Content starts

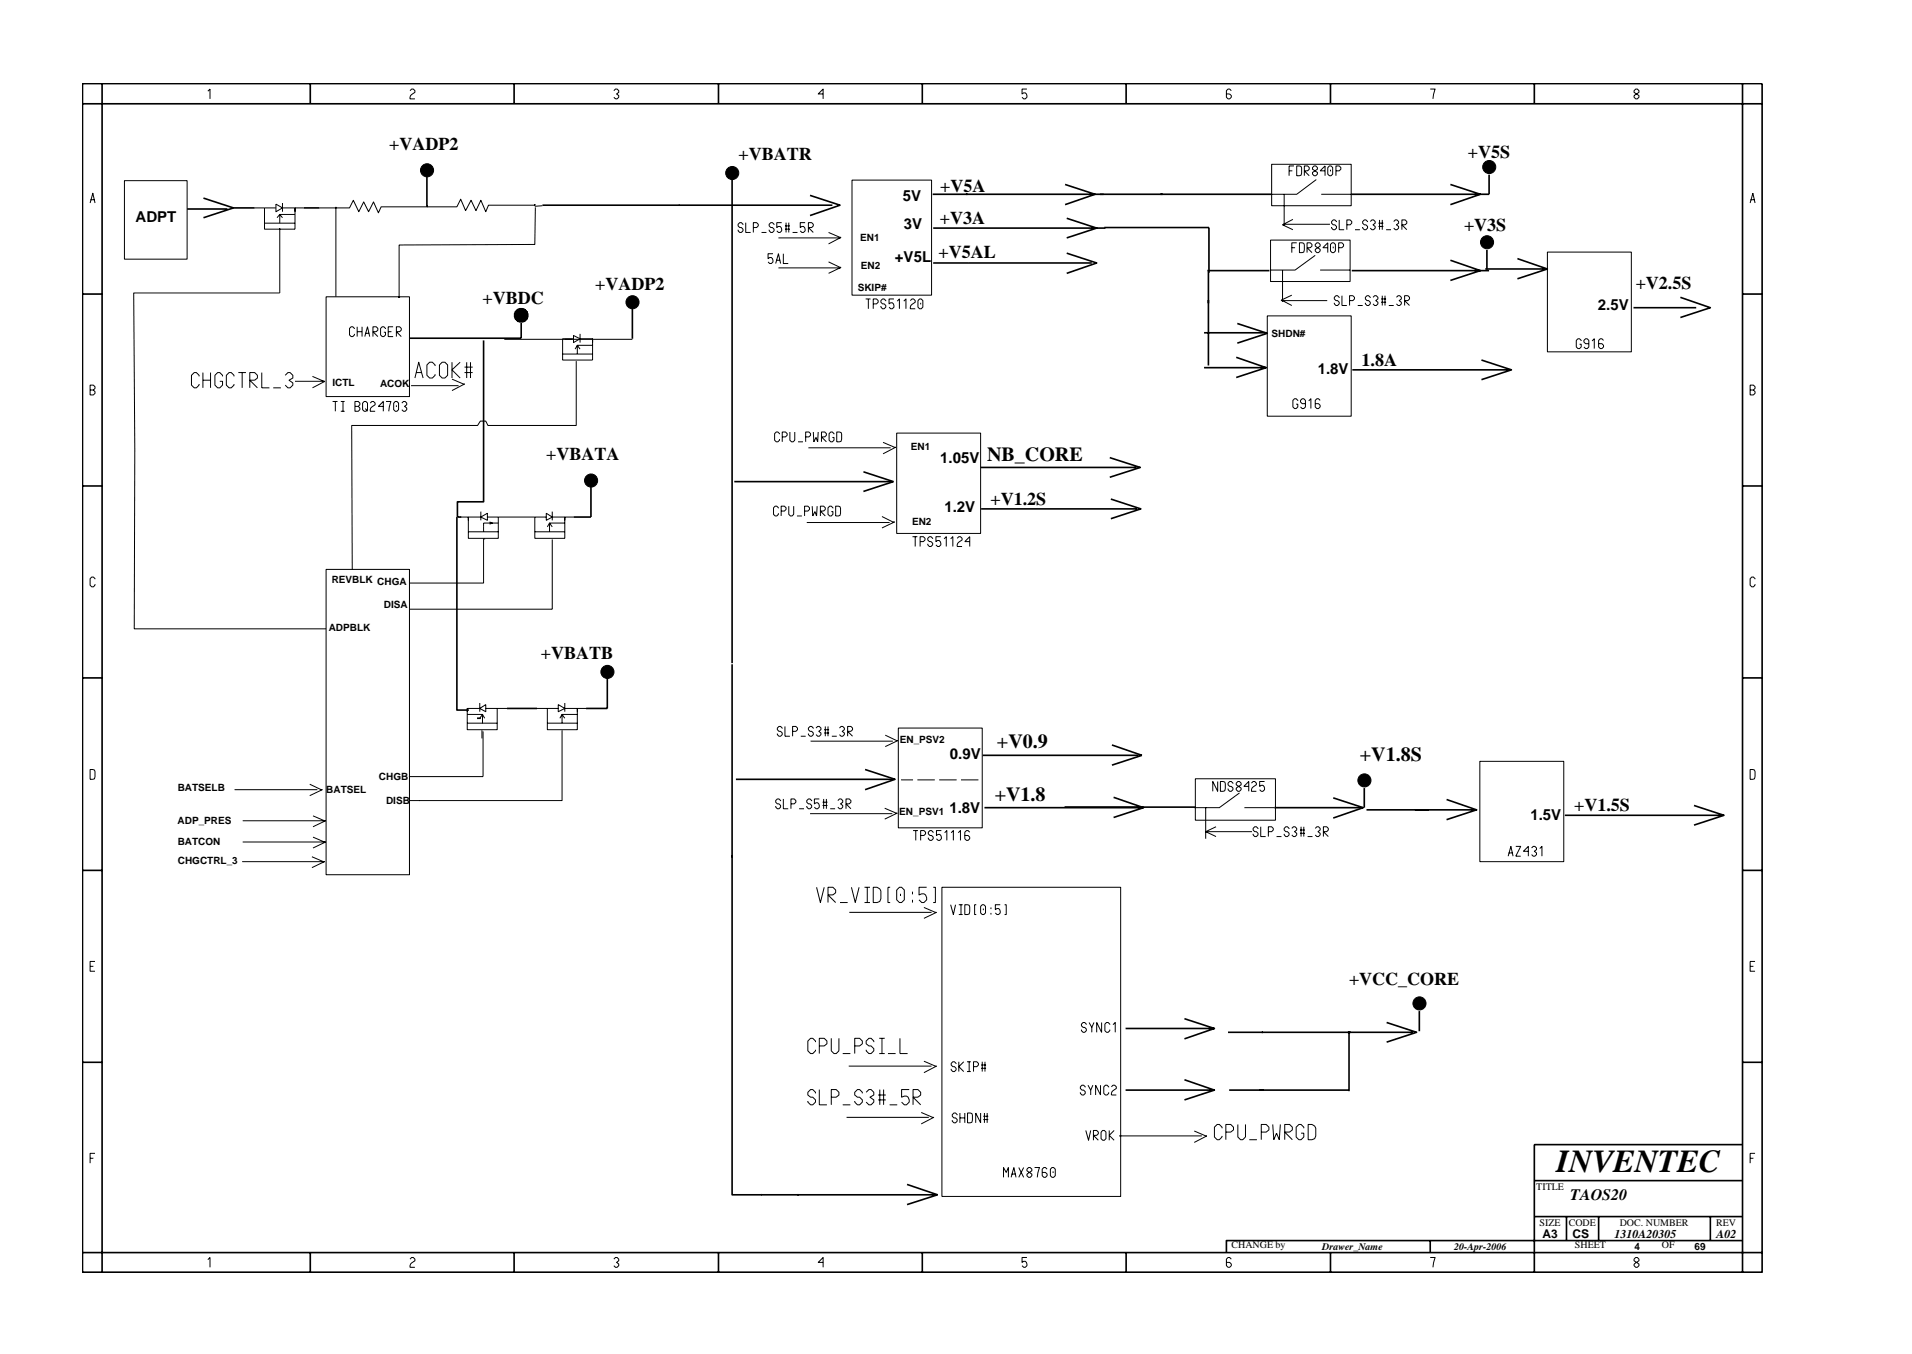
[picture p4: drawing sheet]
<svg xmlns="http://www.w3.org/2000/svg" width="297mm" height="210mm" viewBox="0 0 297 210" stroke-linecap="round" stroke-linejoin="round" font-family="sans-serif">
<g fill="none" stroke="#000" stroke-width=".16">
<path d="M32.3 14.2l.3-.4v1.6M63.7 14.1l.3-.3h.2l.3 .3v.2l-.5 .4-.3 .4v.3h.8M95.4 14.1l.2-.3h.3l.2 .3v.2l-.3 .3 .3 .2v.3l-.2 .3h-.3l-.2-.3M127.9 14.6h-.8l.8-.8v1.6M159.5 13.8h-.7v.8l.2-.2a.5 .5 0 0 1 .5 .7l-.2 .3h-.3l-.2-.3M191.3 14.1l-.3-.3h-.2l-.3 .3v1l.3 .3h.2l.3-.3v-.3l-.3-.2h-.5M222.2 13.8h.8l-.4 1.6M253.9 14.1l.2-.3h.3l.2 .3v.2l-.7 .5v.3l.2 .3h.3l.2-.3v-.3l-.7-.5zM14 31.5l.4-1.5 .4 1.5M14.1 31h.6M19.3 28.1h9.8v12.1h-9.8zM39.6 32.3h3.3"/>
<path d="M41.1 32.3v3.3h4.7v-3.3h1.4M41.1 34.7h4.7M42.9 31.7l1 .6-1 .6zM43 33.8l.5-.5 .4 .5M43.5 35.4v10.1h-22.7l.1 24.3v27.8h29.8M43.9 32.3h1.9v.6M43.9 31.5v1.4M45.8 33.3h-2.3v1.4M52.2 32.1v14M66.4 32.1v-.2v.2h-7.2l-.4 .9-.8-1.6-.7 1.5-.8-1.5-.8 1.5-.8-1.8-.6 1.2h-4.7M83.1 31.7v.2v-.2M83.1 31.9h-7.2l-.4 1-.8-1.8-.8 1.6-.7-1.6-.9 1.6-.7-1.8-.6 1.2h-4.7"/>
<path d="M83.2 32.2l-.1 5.8h-21.1v8.2h.1l-.2-.1 .1 .1M84.3 31.9l-1.2 .1M115.4 34.9l-.2-.3h-.3l-.2 .2v.3l.7 .5v.2l-.2 .3h-.3l-.2-.3v-.1M115.9 34.6v1.5h.7M117 35.3h.5l.3-.2v-.3l-.3-.2h-.5v1.5M118.3 36.1h.8M120.1 39.4h-.8v.8l.3-.2a.5 .5 0 0 1 .5 .7l-.3 .2h-.2l-.3-.2M120.3 34.9l-.3-.3h-.3l-.2 .2v.3l.8 .5v.2l-.3 .3h-.3l-.2-.3v-.1M120.9 36.9h9.7M121.4 34.6h-.7v.7l.2-.1a.5 .5 0 0 1 .5 .6l-.2 .3h-.3l-.2-.3M121.7 39.4v1.5h.8M121.9 35.6h.8"/>
<path d="M121.9 35.1h.8M122.1 34.6v1.5M122.5 34.6v1.5M123.1 36.1h.8M125.1 34.6h-.8v.7l.3-.1a.5 .5 0 0 1 .5 .6l-.3 .3h-.2l-.3-.3M125.6 36.1v-1.5h.5l.3 .2v.3l-.3 .2h-.5l.8 .8M128.7 36.1l2 .8-2 1M132.4 28h12.3v17.8h-12.3zM197.4 37.3h12.3v6.4h-12.3zM197.6 25.5h12.3v6.4h-12.3zM199.4 34.8h7.2M199.5 30.2v4.9"/>
<path d="M200.3 26.5h.5M200.7 38.5h.5M200.9 34.1l-1.7 .8 1.7 .8M201 25.8h-.7v1.5M201.5 25.8l.6 .1 .1 .2-.1 1.1-.6 .1zM201.5 37.7h-.8v1.5M201.9 37.7l.7 .1v.2v1.1l-.7 .1zM202.6 27.3v-1.5h.5l.3 .2v.3l-.3 .2h-.5l.8 .8M203.1 39.2v-1.5h.5l.2 .3v.2l-.2 .3h-.5l.7 .7M204.2 25.8l-.3 .2v.3l.8 .5v.2l-.3 .3h-.2l-.3-.3v-.2l.8-.5v-.3l-.3-.2zM204.3 39.7l-3.1 2.2h-3.8M204.5 27.9l-3 2.3h-3.9"/>
<path d="M204.6 37.7l-.3 .3v.2l.8 .5v.3l-.3 .2h-.2l-.3-.2v-.3l.8-.5v-.2l-.3-.3zM205.3 30.2h4.6M205.9 26.5h-.8l.8-.7v1.5M206.3 38.5h-.8l.8-.8v1.5M206.5 25.8h.3l.2 .2v1l-.2 .3h-.3l-.2-.3v-1zM206.7 26.4v.2M207 37.7h.2l.3 .3v1l-.3 .2h-.2l-.3-.2v-1zM207.1 38.3v.3M207.5 26.5h.6l.2-.2v-.3l-.2-.2h-.6v1.5M207.6 34.5l-.2-.4h-.3l-.2 .3v.3l.7 .5v.2l-.2 .3h-.3l-.2-.3v-.2M208 38.5h.5l.2-.3v-.2l-.2-.3h-.5v1.5M208.1 34.1v1.6h.7"/>
<path d="M209.2 34.9h.5l.3-.2v-.3l-.3-.3h-.5v1.6M210.5 35.7h.8M212.5 34.5l-.3-.4h-.3l-.2 .3v.3l.2 .2h.3l.3 .3v.2l-.3 .3h-.3l-.2-.3v-.2M212.9 34.4l.2-.3h.3l.2 .3v.3l-.3 .2 .3 .3v.2l-.2 .3h-.3l-.2-.3M214.2 34.7h.7M214.2 35.2h.7M214.3 34.1v1.6M214.7 34.1v1.6M215.3 35.7h.8M216.5 34.4l.3-.3h.2l.3 .3v.3l-.4 .2 .4 .3v.2l-.3 .3h-.2l-.3-.3M217.8 35.7v-1.6h.5l.3 .3v.3l-.3 .2h-.5l.8 .8M240.4 39.1h13v15.5h-13z"/>
<path d="M271.9 31.5l.4-1.5 .4 1.5M272 31h.6M14 59.8h.5l.3 .3v.2l-.3 .3 .3 .2v.3l-.3 .2h-.5zM30.9 58.4v-.1l-.4-.4h-.3l-.5 .4v1.5l.5 .4h.3l.4-.4v-.2M31.5 57.9v2.3M31.5 59h1.2M32.7 57.9v2.3M34.6 58.4v-.1l-.5-.4h-.3l-.4 .4v1.5l.4 .4h.3l.5-.4v-.6h-.5M36.4 58.4v-.1l-.5-.4h-.3l-.4 .4v1.5l.4 .4h.3l.5-.4v-.2M37 57.9h1.2M37.6 57.9v2.3M40.7 57.9v2.3h1.2"/>
<path d="M44.3 58.3l.4-.4h.4l.4 .4v.4l-.6 .3 .6 .5v.3l-.4 .4h-.4l-.4-.4M45.8 59.2h4.7l-2 1M48.5 58.4l1.8 .8M50.7 46.1h12.9v15.5h-12.9zM55.1 51.1l-.3-.4h-.2l-.3 .3v1l.3 .3h.2l.3-.3v-.2M55.5 50.7v1.6M55.5 51.5h.7M56.2 50.7v1.6M56.7 52.3l.4-1.6 .3 1.6M56.8 51.8h.5M57.9 52.3v-1.6h.5l.3 .3v.3l-.3 .2h-.5l.8 .8M59.9 51.1l-.3-.4h-.2l-.3 .3v1l.3 .3h.2l.3-.3v-.4h-.3"/>
<path d="M60.3 51.5h.5M61.1 50.7h-.8v1.6h.8M61.6 52.3v-1.6h.5l.2 .3v.3l-.2 .2h-.5l.7 .8M63.9 59.9h7.3M64.5 58.7l.6-2.5 .6 2.5M64.6 57.9h.9M67.6 56.8v-.1l-.4-.5h-.5l-.4 .5v1.6l.4 .4h.5l.4-.4v-.2M68.7 56.2h.4l.4 .5v1.6l-.4 .4h-.4l-.4-.4v-1.6zM70.2 58.9l2 .7-2 1M70.2 56.2v2.5M71.5 56.2l-1.3 1.2 1.3 1.3M72.2 57.9h1.2"/>
<path d="M72.2 57h1.2M72.5 56.2v2.5M73.1 56.2v2.5M78.3 52.7h19.9M87.4 55h4.7M89.1 52.6h-1.7v3.3h4.7v-3.3M89.1 52.1l1 .5-1 .6zM89.4 54.2l.3-.6 .4 .6M89.5 56.1v10h-13.7l-.3-.7h-.9l-.4 .7h-19.6l.1 22.4M90.1 52.6h2v.6M90.1 51.8v1.4M92.1 53.6h-2.4v1.4"/>
<path d="M120.5 40.9l.4-1.5 .4 1.5M120.6 40.4h.6M120.9 41.6h9.7M128.7 40.7l2 .8-2 .9M134.5 46.4h.7M134.9 46.4v1.5M135.7 47.2h.5l.2-.3v-.2l-.2-.3h-.5v1.5M137.6 46.8l-.2-.4h-.3l-.3 .3v.2l.8 .5v.3l-.2 .2h-.3l-.3-.2v-.2M138.9 46.4h-.8v.8l.3-.2a.5 .5 0 0 1 .5 .7l-.3 .2h-.2l-.3-.2M139.4 46.8l.3-.4v1.5M140.4 46.8l.3-.4v1.5M141.4 46.7l.3-.3h.2l.3 .3v.2l-.5 .4-.3 .4v.2h.8"/>
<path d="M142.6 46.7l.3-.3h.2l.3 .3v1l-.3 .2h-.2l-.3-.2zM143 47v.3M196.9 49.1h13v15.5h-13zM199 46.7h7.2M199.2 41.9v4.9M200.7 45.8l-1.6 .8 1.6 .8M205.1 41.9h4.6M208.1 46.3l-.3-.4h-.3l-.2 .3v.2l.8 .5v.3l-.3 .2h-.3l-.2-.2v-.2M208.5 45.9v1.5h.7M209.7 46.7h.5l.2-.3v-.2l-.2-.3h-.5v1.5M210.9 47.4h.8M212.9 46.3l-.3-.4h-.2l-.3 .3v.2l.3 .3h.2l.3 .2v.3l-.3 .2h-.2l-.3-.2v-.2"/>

Content ends

# Exercise description
Leave out the pictures. Transcribe only the lines above, from the first through the one that contains "32.2l-.1 5.8h-21.1v8.2h.1l-.2-.1 .1".

# Written solution
[picture p4: drawing sheet]
<svg xmlns="http://www.w3.org/2000/svg" width="297mm" height="210mm" viewBox="0 0 297 210" stroke-linecap="round" stroke-linejoin="round" font-family="sans-serif">
<g fill="none" stroke="#000" stroke-width=".16">
<path d="M32.3 14.2l.3-.4v1.6M63.7 14.1l.3-.3h.2l.3 .3v.2l-.5 .4-.3 .4v.3h.8M95.4 14.1l.2-.3h.3l.2 .3v.2l-.3 .3 .3 .2v.3l-.2 .3h-.3l-.2-.3M127.9 14.6h-.8l.8-.8v1.6M159.5 13.8h-.7v.8l.2-.2a.5 .5 0 0 1 .5 .7l-.2 .3h-.3l-.2-.3M191.3 14.1l-.3-.3h-.2l-.3 .3v1l.3 .3h.2l.3-.3v-.3l-.3-.2h-.5M222.2 13.8h.8l-.4 1.6M253.9 14.1l.2-.3h.3l.2 .3v.2l-.7 .5v.3l.2 .3h.3l.2-.3v-.3l-.7-.5zM14 31.5l.4-1.5 .4 1.5M14.1 31h.6M19.3 28.1h9.8v12.1h-9.8zM39.6 32.3h3.3"/>
<path d="M41.1 32.3v3.3h4.7v-3.3h1.4M41.1 34.7h4.7M42.9 31.7l1 .6-1 .6zM43 33.8l.5-.5 .4 .5M43.5 35.4v10.1h-22.7l.1 24.3v27.8h29.8M43.9 32.3h1.9v.6M43.9 31.5v1.4M45.8 33.3h-2.3v1.4M52.2 32.1v14M66.4 32.1v-.2v.2h-7.2l-.4 .9-.8-1.6-.7 1.5-.8-1.5-.8 1.5-.8-1.8-.6 1.2h-4.7M83.1 31.7v.2v-.2M83.1 31.9h-7.2l-.4 1-.8-1.8-.8 1.6-.7-1.6-.9 1.6-.7-1.8-.6 1.2h-4.7"/>
<path d="M83.2 32.2l-.1 5.8h-21.1v8.2h.1l-.2-.1 .1 .1M84.3 31.9l-1.2 .1M115.4 34.9l-.2-.3h-.3l-.2 .2v.3l.7 .5v.2l-.2 .3h-.3l-.2-.3v-.1M115.9 34.6v1.5h.7M117 35.3h.5l.3-.2v-.3l-.3-.2h-.5v1.5M118.3 36.1h.8M120.1 39.4h-.8v.8l.3-.2a.5 .5 0 0 1 .5 .7l-.3 .2h-.2l-.3-.2M120.3 34.9l-.3-.3h-.3l-.2 .2v.3l.8 .5v.2l-.3 .3h-.3l-.2-.3v-.1M120.9 36.9h9.7M121.4 34.6h-.7v.7l.2-.1a.5 .5 0 0 1 .5 .6l-.2 .3h-.3l-.2-.3M121.7 39.4v1.5h.8M121.9 35.6h.8"/>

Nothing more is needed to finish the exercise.